■ AIM OF THE TASK: Exactly and only the lines from the first entry through the line with "MATLAB Function1 : MATLAB" should be copied, both ends included, with no pictures.

■ Extracted records:
*** Block opens ***
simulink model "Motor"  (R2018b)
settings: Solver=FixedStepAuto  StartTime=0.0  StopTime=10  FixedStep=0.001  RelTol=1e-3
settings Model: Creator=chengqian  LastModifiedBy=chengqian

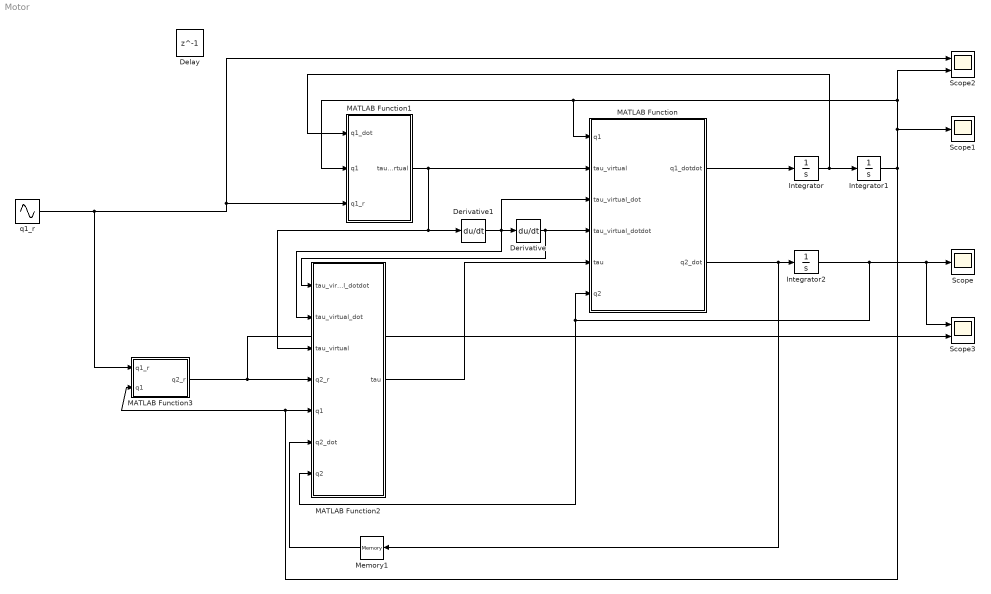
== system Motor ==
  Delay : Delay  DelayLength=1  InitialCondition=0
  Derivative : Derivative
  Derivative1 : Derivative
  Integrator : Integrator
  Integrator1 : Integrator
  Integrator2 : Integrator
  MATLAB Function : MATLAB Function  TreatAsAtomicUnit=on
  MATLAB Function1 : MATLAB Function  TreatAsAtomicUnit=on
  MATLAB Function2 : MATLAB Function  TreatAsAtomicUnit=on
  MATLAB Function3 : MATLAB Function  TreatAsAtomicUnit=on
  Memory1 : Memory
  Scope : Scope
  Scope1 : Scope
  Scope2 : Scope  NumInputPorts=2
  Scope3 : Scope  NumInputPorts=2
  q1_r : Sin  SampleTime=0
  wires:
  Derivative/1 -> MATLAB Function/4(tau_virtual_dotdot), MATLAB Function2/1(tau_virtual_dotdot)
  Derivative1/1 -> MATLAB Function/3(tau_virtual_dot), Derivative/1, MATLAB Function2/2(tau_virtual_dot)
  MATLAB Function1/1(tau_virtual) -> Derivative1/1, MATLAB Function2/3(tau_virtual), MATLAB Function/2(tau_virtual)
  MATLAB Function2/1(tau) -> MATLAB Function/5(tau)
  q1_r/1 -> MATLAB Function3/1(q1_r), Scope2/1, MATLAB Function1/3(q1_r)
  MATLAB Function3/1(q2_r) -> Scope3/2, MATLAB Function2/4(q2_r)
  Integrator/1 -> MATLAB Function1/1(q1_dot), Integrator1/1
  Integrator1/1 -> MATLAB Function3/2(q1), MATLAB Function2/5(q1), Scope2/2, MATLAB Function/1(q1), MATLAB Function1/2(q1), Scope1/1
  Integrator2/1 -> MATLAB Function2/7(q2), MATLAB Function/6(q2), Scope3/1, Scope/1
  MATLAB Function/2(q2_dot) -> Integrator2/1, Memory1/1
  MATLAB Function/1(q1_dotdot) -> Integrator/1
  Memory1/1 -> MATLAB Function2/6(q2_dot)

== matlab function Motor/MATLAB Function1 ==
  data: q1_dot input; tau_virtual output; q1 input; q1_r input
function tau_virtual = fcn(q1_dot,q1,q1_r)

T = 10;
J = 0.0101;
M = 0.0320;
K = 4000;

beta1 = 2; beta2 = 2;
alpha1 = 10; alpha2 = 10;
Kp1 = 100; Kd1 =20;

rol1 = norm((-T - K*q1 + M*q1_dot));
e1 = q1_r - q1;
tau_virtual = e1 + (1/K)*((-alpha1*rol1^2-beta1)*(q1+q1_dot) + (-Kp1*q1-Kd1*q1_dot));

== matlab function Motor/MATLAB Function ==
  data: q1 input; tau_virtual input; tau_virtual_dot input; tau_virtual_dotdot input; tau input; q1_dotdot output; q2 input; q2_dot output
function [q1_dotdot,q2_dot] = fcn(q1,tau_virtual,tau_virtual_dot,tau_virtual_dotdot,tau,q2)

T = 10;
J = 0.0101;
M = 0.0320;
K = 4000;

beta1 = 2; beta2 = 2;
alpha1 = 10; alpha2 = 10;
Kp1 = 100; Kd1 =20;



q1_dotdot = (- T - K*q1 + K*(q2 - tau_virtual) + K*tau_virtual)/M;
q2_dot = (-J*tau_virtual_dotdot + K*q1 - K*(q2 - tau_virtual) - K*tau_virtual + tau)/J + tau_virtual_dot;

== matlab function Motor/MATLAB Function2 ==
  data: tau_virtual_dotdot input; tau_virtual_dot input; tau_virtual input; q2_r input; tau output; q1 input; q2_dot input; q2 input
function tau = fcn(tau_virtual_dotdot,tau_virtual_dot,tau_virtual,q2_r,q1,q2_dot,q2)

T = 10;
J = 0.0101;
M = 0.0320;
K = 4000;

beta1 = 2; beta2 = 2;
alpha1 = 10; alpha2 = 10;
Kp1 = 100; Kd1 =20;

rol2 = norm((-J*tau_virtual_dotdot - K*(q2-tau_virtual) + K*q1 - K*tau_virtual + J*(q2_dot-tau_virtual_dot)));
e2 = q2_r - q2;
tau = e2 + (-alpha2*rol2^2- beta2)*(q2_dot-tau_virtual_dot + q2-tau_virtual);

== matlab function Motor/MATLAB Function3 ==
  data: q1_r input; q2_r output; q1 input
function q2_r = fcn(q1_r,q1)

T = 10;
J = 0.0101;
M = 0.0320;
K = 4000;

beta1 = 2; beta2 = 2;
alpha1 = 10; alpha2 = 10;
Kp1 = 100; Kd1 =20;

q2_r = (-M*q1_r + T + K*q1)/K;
*** Block closes ***
■ TASK RESULT:
simulink model "Motor"  (R2018b)
settings: Solver=FixedStepAuto  StartTime=0.0  StopTime=10  FixedStep=0.001  RelTol=1e-3
settings Model: Creator=chengqian  LastModifiedBy=chengqian

== system Motor ==
  Delay : Delay  DelayLength=1  InitialCondition=0
  Derivative : Derivative
  Derivative1 : Derivative
  Integrator : Integrator
  Integrator1 : Integrator
  Integrator2 : Integrator
  MATLAB Function : MATLAB Function  TreatAsAtomicUnit=on
  MATLAB Function1 : MATLAB Function  TreatAsAtomicUnit=on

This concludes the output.